Wednesday, June 5, 2024
Hoover Institution | Stanford University
Ross Levine, Hoover Institution senior fellow and former chaired professor at the University of California-Berkeley, discussed “Environmental Liabilities, Borrowing Costs, and Pollution Prevention Activities: The Nationwide Impact of the Apex Oil Ruling,” a paper with Jianqiang Chen (National Tsing Hua University), Pei-Fang Hsieh (National Tsing Hua University), and Po- Hsuan Hsu (National Tsing Hua University).
PARTICIPANTS
Ross Levine, John Taylor, Annelise Anderson, Terry Anderson, Michael Boskin, Steven Davis, Dixon Doll, Andy Filardo, Paul Gregory, Patrick Kehoe, Dan Kessler, Christian Kontz, David Laidler, David Malpass, Michael Melvin, Roger Mertz, Dinsha Mistree, Radek Paluszynski, Valerie Ramey, Josh Rauh, Paola Sapiensa, Richard Sousa, Jack Tatom, Victor Valcarcel
ISSUES DISCUSSED
Ross Levine, Hoover Institution senior fellow and former chaired professor at the University of California-Berkeley, discussed “Environmental Liabilities, Borrowing Costs, and Pollution Prevention Activities: The Nationwide Impact of the Apex Oil Ruling,” a paper with Jianqiang Chen (National Tsing Hua University), Pei-Fang Hsieh (National Tsing Hua University), and Po-Hsuan Hsu (National Tsing Hua University).
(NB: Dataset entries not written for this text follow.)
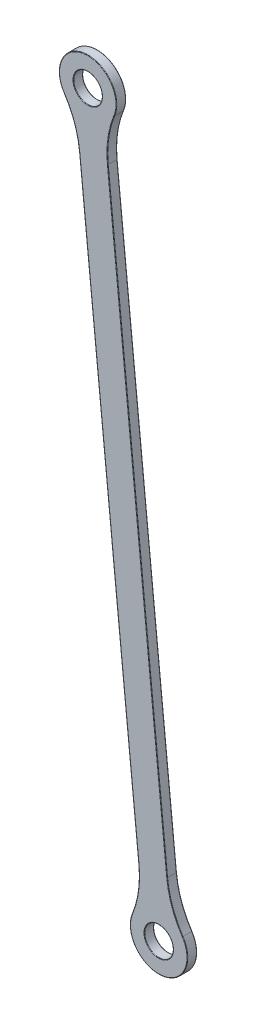
ISO-10303-21;
HEADER;
FILE_DESCRIPTION(('STEP AP214'),'2;1');
FILE_NAME('part.step','',(''),(''),'','','');
FILE_SCHEMA(('AUTOMOTIVE_DESIGN { 1 0 10303 214 1 1 1 1 }'));
ENDSEC;
DATA;
#1=APPLICATION_CONTEXT('core data for automotive mechanical design processes');
#2=APPLICATION_PROTOCOL_DEFINITION('international standard','automotive_design',2000,#1);
#3=PRODUCT_CONTEXT('',#1,'mechanical');
#4=PRODUCT('Part','Part','',(#3));
#5=PRODUCT_RELATED_PRODUCT_CATEGORY('part','',(#4));
#6=PRODUCT_DEFINITION_FORMATION('','',#4);
#7=PRODUCT_DEFINITION_CONTEXT('part definition',#1,'design');
#8=PRODUCT_DEFINITION('design','',#6,#7);
#9=PRODUCT_DEFINITION_SHAPE('','',#8);
#10=(LENGTH_UNIT() NAMED_UNIT(*) SI_UNIT(.MILLI.,.METRE.));
#11=(NAMED_UNIT(*) PLANE_ANGLE_UNIT() SI_UNIT($,.RADIAN.));
#12=(NAMED_UNIT(*) SI_UNIT($,.STERADIAN.) SOLID_ANGLE_UNIT());
#13=UNCERTAINTY_MEASURE_WITH_UNIT(LENGTH_MEASURE(1.E-05),#10,'distance_accuracy_value','');
#14=(GEOMETRIC_REPRESENTATION_CONTEXT(3) GLOBAL_UNCERTAINTY_ASSIGNED_CONTEXT((#13)) GLOBAL_UNIT_ASSIGNED_CONTEXT((#10,
#11,#12)) REPRESENTATION_CONTEXT('',''));
#15=CARTESIAN_POINT('',(0.,0.,0.));
#16=DIRECTION('',(0.,0.,1.));
#17=DIRECTION('',(1.,0.,0.));
#18=AXIS2_PLACEMENT_3D('',#15,#16,#17);
#19=CARTESIAN_POINT('',(26.9745593456508,2.72278490779786,-3.));
#20=DIRECTION('',(-0.994944260506404,-0.100428673621455,0.));
#21=DIRECTION('',(0.100428673621455,-0.994944260506404,0.));
#22=AXIS2_PLACEMENT_3D('',#19,#20,#21);
#23=PLANE('',#22);
#24=DIRECTION('',(0.,0.,-1.));
#25=VECTOR('',#24,1.);
#26=CARTESIAN_POINT('',(17.1507997371631,100.046516135205,-3.));
#27=LINE('',#26,#25);
#28=CARTESIAN_POINT('',(17.1507997371631,100.046516135205,-0.15));
#29=VERTEX_POINT('',#28);
#30=CARTESIAN_POINT('',(17.1507997371631,100.046516135205,-2.85));
#31=VERTEX_POINT('',#30);
#32=EDGE_CURVE('E364',#29,#31,#27,.T.);
#33=ORIENTED_EDGE('',*,*,#32,.T.);
#34=DIRECTION('',(0.100428673621455,-0.994944260506404,0.));
#35=VECTOR('',#34,1.);
#36=CARTESIAN_POINT('',(26.9745593456508,2.72278490779786,-2.85));
#37=LINE('',#36,#35);
#38=CARTESIAN_POINT('',(-1.49146693656855,284.734967759808,-2.85));
#39=VERTEX_POINT('',#38);
#40=EDGE_CURVE('E241',#31,#39,#37,.F.);
#41=ORIENTED_EDGE('',*,*,#40,.T.);
#42=DIRECTION('',(0.,0.,1.));
#43=VECTOR('',#42,1.);
#44=CARTESIAN_POINT('',(-1.49146693656855,284.734967759808,-3.));
#45=LINE('',#44,#43);
#46=CARTESIAN_POINT('',(-1.49146693656855,284.734967759808,-0.15));
#47=VERTEX_POINT('',#46);
#48=EDGE_CURVE('E410',#39,#47,#45,.T.);
#49=ORIENTED_EDGE('',*,*,#48,.T.);
#50=DIRECTION('',(0.100428673621455,-0.994944260506404,0.));
#51=VECTOR('',#50,1.);
#52=CARTESIAN_POINT('',(17.1507997371631,100.046516135205,-0.15));
#53=LINE('',#52,#51);
#54=EDGE_CURVE('E238',#47,#29,#53,.T.);
#55=ORIENTED_EDGE('',*,*,#54,.T.);
#56=EDGE_LOOP('',(#33,#41,#49,#55));
#57=FACE_BOUND('',#56,.T.);
#58=ADVANCED_FACE('F41',(#57),#23,.F.);
#59=CARTESIAN_POINT('',(14.5,81.4999999999992,-3.));
#60=DIRECTION('',(0.,0.,1.));
#61=DIRECTION('',(1.,0.,0.));
#62=AXIS2_PLACEMENT_3D('',#59,#60,#61);
#63=CYLINDRICAL_SURFACE('',#62,9.);
#64=DIRECTION('',(0.,0.,1.));
#65=VECTOR('',#64,1.);
#66=CARTESIAN_POINT('',(6.15722467171074,84.8761071993767,-3.));
#67=LINE('',#66,#65);
#68=CARTESIAN_POINT('',(6.15722467171074,84.8761071993767,-0.15));
#69=VERTEX_POINT('',#68);
#70=CARTESIAN_POINT('',(6.15722467171074,84.8761071993767,-2.85));
#71=VERTEX_POINT('',#70);
#72=EDGE_CURVE('E406',#69,#71,#67,.F.);
#73=ORIENTED_EDGE('',*,*,#72,.T.);
#74=CARTESIAN_POINT('',(14.5,81.4999999999992,-2.85));
#75=DIRECTION('',(0.,0.,1.));
#76=DIRECTION('',(1.,0.,0.));
#77=AXIS2_PLACEMENT_3D('',#74,#75,#76);
#78=CIRCLE('',#77,9.);
#79=CARTESIAN_POINT('',(21.9997986659281,86.4752406947337,-2.85));
#80=VERTEX_POINT('',#79);
#81=EDGE_CURVE('E228',#71,#80,#78,.T.);
#82=ORIENTED_EDGE('',*,*,#81,.T.);
#83=DIRECTION('',(0.,0.,1.));
#84=VECTOR('',#83,1.);
#85=CARTESIAN_POINT('',(21.9997986659281,86.4752406947337,-3.));
#86=LINE('',#85,#84);
#87=CARTESIAN_POINT('',(21.9997986659281,86.4752406947337,-0.15));
#88=VERTEX_POINT('',#87);
#89=EDGE_CURVE('E400',#80,#88,#86,.T.);
#90=ORIENTED_EDGE('',*,*,#89,.T.);
#91=CARTESIAN_POINT('',(14.5,81.4999999999992,-0.15));
#92=DIRECTION('',(0.,0.,1.));
#93=DIRECTION('',(1.,0.,0.));
#94=AXIS2_PLACEMENT_3D('',#91,#92,#93);
#95=CIRCLE('',#94,9.);
#96=EDGE_CURVE('E225',#88,#69,#95,.F.);
#97=ORIENTED_EDGE('',*,*,#96,.T.);
#98=EDGE_LOOP('',(#73,#82,#90,#97));
#99=FACE_BOUND('',#98,.T.);
#100=ADVANCED_FACE('F454',(#99),#63,.T.);
#101=CARTESIAN_POINT('',(18.0200610010932,1.81892684520476,-3.));
#102=DIRECTION('',(-0.994944260506404,-0.100428673621455,0.));
#103=DIRECTION('',(0.100428673621455,-0.994944260506404,0.));
#104=AXIS2_PLACEMENT_3D('',#101,#102,#103);
#105=PLANE('',#104);
#106=DIRECTION('',(0.,0.,-1.));
#107=VECTOR('',#106,1.);
#108=CARTESIAN_POINT('',(-10.4459652811262,283.831109697215,-3.));
#109=LINE('',#108,#107);
#110=CARTESIAN_POINT('',(-10.4459652811262,283.831109697215,-0.15));
#111=VERTEX_POINT('',#110);
#112=CARTESIAN_POINT('',(-10.4459652811262,283.831109697215,-2.85));
#113=VERTEX_POINT('',#112);
#114=EDGE_CURVE('E305',#111,#113,#109,.T.);
#115=ORIENTED_EDGE('',*,*,#114,.T.);
#116=DIRECTION('',(0.100428673621455,-0.994944260506404,0.));
#117=VECTOR('',#116,1.);
#118=CARTESIAN_POINT('',(8.19630139260548,99.1426580726121,-2.85));
#119=LINE('',#118,#117);
#120=CARTESIAN_POINT('',(8.19630139260548,99.1426580726121,-2.85));
#121=VERTEX_POINT('',#120);
#122=EDGE_CURVE('E216',#113,#121,#119,.T.);
#123=ORIENTED_EDGE('',*,*,#122,.T.);
#124=DIRECTION('',(0.,0.,1.));
#125=VECTOR('',#124,1.);
#126=CARTESIAN_POINT('',(8.19630139260548,99.1426580726121,-3.));
#127=LINE('',#126,#125);
#128=CARTESIAN_POINT('',(8.19630139260548,99.1426580726121,-0.15));
#129=VERTEX_POINT('',#128);
#130=EDGE_CURVE('E397',#121,#129,#127,.T.);
#131=ORIENTED_EDGE('',*,*,#130,.T.);
#132=DIRECTION('',(0.100428673621455,-0.994944260506404,0.));
#133=VECTOR('',#132,1.);
#134=CARTESIAN_POINT('',(18.0200610010932,1.81892684520476,-0.15));
#135=LINE('',#134,#133);
#136=EDGE_CURVE('E213',#129,#111,#135,.F.);
#137=ORIENTED_EDGE('',*,*,#136,.T.);
#138=EDGE_LOOP('',(#115,#123,#131,#137));
#139=FACE_BOUND('',#138,.T.);
#140=ADVANCED_FACE('F395',(#139),#105,.T.);
#141=CARTESIAN_POINT('',(14.5,81.4999999999992,-3.));
#142=DIRECTION('',(0.,0.,1.));
#143=DIRECTION('',(1.,0.,0.));
#144=AXIS2_PLACEMENT_3D('',#141,#142,#143);
#145=CYLINDRICAL_SURFACE('',#144,4.5);
#146=CARTESIAN_POINT('',(14.5,81.4999999999992,-2.85));
#147=DIRECTION('',(0.,0.,1.));
#148=DIRECTION('',(1.,0.,0.));
#149=AXIS2_PLACEMENT_3D('',#146,#147,#148);
#150=CIRCLE('',#149,4.5);
#151=CARTESIAN_POINT('',(19.,81.4999999999992,-2.85));
#152=VERTEX_POINT('',#151);
#153=EDGE_CURVE('E204',#152,#152,#150,.F.);
#154=ORIENTED_EDGE('',*,*,#153,.T.);
#155=EDGE_LOOP('',(#154));
#156=FACE_BOUND('',#155,.T.);
#157=CARTESIAN_POINT('',(14.5,81.4999999999992,-0.15));
#158=DIRECTION('',(0.,0.,1.));
#159=DIRECTION('',(1.,0.,0.));
#160=AXIS2_PLACEMENT_3D('',#157,#158,#159);
#161=CIRCLE('',#160,4.5);
#162=CARTESIAN_POINT('',(19.,81.4999999999992,-0.15));
#163=VERTEX_POINT('',#162);
#164=EDGE_CURVE('E200',#163,#163,#161,.T.);
#165=ORIENTED_EDGE('',*,*,#164,.T.);
#166=EDGE_LOOP('',(#165));
#167=FACE_BOUND('',#166,.T.);
#168=ADVANCED_FACE('F706',(#156,#167),#145,.F.);
#169=CARTESIAN_POINT('',(-7.79516554396304,302.377625832421,-3.));
#170=DIRECTION('',(0.,0.,1.));
#171=DIRECTION('',(1.,0.,0.));
#172=AXIS2_PLACEMENT_3D('',#169,#170,#171);
#173=CYLINDRICAL_SURFACE('',#172,9.00000000000001);
#174=DIRECTION('',(0.,0.,1.));
#175=VECTOR('',#174,1.);
#176=CARTESIAN_POINT('',(0.547609784326176,299.001518633043,-3.));
#177=LINE('',#176,#175);
#178=CARTESIAN_POINT('',(0.547609784326176,299.001518633043,-0.15));
#179=VERTEX_POINT('',#178);
#180=CARTESIAN_POINT('',(0.547609784326176,299.001518633043,-2.85));
#181=VERTEX_POINT('',#180);
#182=EDGE_CURVE('E358',#179,#181,#177,.F.);
#183=ORIENTED_EDGE('',*,*,#182,.T.);
#184=CARTESIAN_POINT('',(-7.79516554396304,302.377625832421,-2.85));
#185=DIRECTION('',(0.,0.,1.));
#186=DIRECTION('',(1.,0.,0.));
#187=AXIS2_PLACEMENT_3D('',#184,#185,#186);
#188=CIRCLE('',#187,9.00000000000001);
#189=CARTESIAN_POINT('',(-15.2949642098912,297.402385137686,-2.85));
#190=VERTEX_POINT('',#189);
#191=EDGE_CURVE('E253',#181,#190,#188,.T.);
#192=ORIENTED_EDGE('',*,*,#191,.T.);
#193=DIRECTION('',(0.,0.,1.));
#194=VECTOR('',#193,1.);
#195=CARTESIAN_POINT('',(-15.2949642098912,297.402385137686,-3.));
#196=LINE('',#195,#194);
#197=CARTESIAN_POINT('',(-15.2949642098912,297.402385137686,-0.15));
#198=VERTEX_POINT('',#197);
#199=EDGE_CURVE('E350',#190,#198,#196,.T.);
#200=ORIENTED_EDGE('',*,*,#199,.T.);
#201=CARTESIAN_POINT('',(-7.79516554396304,302.377625832421,-0.15));
#202=DIRECTION('',(0.,0.,1.));
#203=DIRECTION('',(1.,0.,0.));
#204=AXIS2_PLACEMENT_3D('',#201,#202,#203);
#205=CIRCLE('',#204,9.00000000000001);
#206=EDGE_CURVE('E250',#198,#179,#205,.F.);
#207=ORIENTED_EDGE('',*,*,#206,.T.);
#208=EDGE_LOOP('',(#183,#192,#200,#207));
#209=FACE_BOUND('',#208,.T.);
#210=ADVANCED_FACE('F354',(#209),#173,.T.);
#211=CARTESIAN_POINT('',(-7.79516554396304,302.377625832421,-3.));
#212=DIRECTION('',(0.,0.,1.));
#213=DIRECTION('',(1.,0.,0.));
#214=AXIS2_PLACEMENT_3D('',#211,#212,#213);
#215=CYLINDRICAL_SURFACE('',#214,4.5);
#216=CARTESIAN_POINT('',(-7.79516554396304,302.377625832421,-2.85));
#217=DIRECTION('',(0.,0.,1.));
#218=DIRECTION('',(1.,0.,0.));
#219=AXIS2_PLACEMENT_3D('',#216,#217,#218);
#220=CIRCLE('',#219,4.5);
#221=CARTESIAN_POINT('',(-3.29516554396304,302.377625832421,-2.85));
#222=VERTEX_POINT('',#221);
#223=EDGE_CURVE('E179',#222,#222,#220,.F.);
#224=ORIENTED_EDGE('',*,*,#223,.T.);
#225=EDGE_LOOP('',(#224));
#226=FACE_BOUND('',#225,.T.);
#227=CARTESIAN_POINT('',(-7.79516554396304,302.377625832421,-0.15));
#228=DIRECTION('',(0.,0.,1.));
#229=DIRECTION('',(1.,0.,0.));
#230=AXIS2_PLACEMENT_3D('',#227,#228,#229);
#231=CIRCLE('',#230,4.5);
#232=CARTESIAN_POINT('',(-3.29516554396304,302.377625832421,-0.15));
#233=VERTEX_POINT('',#232);
#234=EDGE_CURVE('E357',#233,#233,#231,.T.);
#235=ORIENTED_EDGE('',*,*,#234,.T.);
#236=EDGE_LOOP('',(#235));
#237=FACE_BOUND('',#236,.T.);
#238=ADVANCED_FACE('F684',(#226,#237),#215,.F.);
#239=CARTESIAN_POINT('',(0.,0.,-3.));
#240=DIRECTION('',(0.,0.,1.));
#241=DIRECTION('',(1.,0.,0.));
#242=AXIS2_PLACEMENT_3D('',#239,#240,#241);
#243=PLANE('',#242);
#244=CARTESIAN_POINT('',(-7.79516554396304,302.377625832421,-3.));
#245=DIRECTION('',(0.,0.,1.));
#246=DIRECTION('',(1.,0.,0.));
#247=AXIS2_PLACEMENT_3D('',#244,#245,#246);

John Taylor, the Mary and Robert Raymond Professor of Economics at Stanford University and the George P. Shultz Senior Fellow in Economics at the Hoover Institution, was the moderator.
PAPER SUMMARY
The 2008 Apex Oil court decision reduced the circumstances under which specific environmental cleanup obligations were dischargeable in Chapter 11, potentially affecting the securities prices, credit conditions, and pollution practices of corporations not in Chapter 11. We discover that among financially stressed firms with those specific environmental liabilities, bond, and stock prices dropped after Apex. Moreover, those firms (1) experienced a tightening of credit conditions (e.g., paying higher risk premia on debts and receiving lower bond ratings), (2) intensified pollution prevention activities, and (3) reduced the emissions of pollutants causing environmental damages no longer dischargeable in Chapter 11. These findings hold among firms nationwide, not only those within the jurisdiction of the Seventh Circuit court, which issued the Apex decision, suggesting that Apex had a nationwide impact.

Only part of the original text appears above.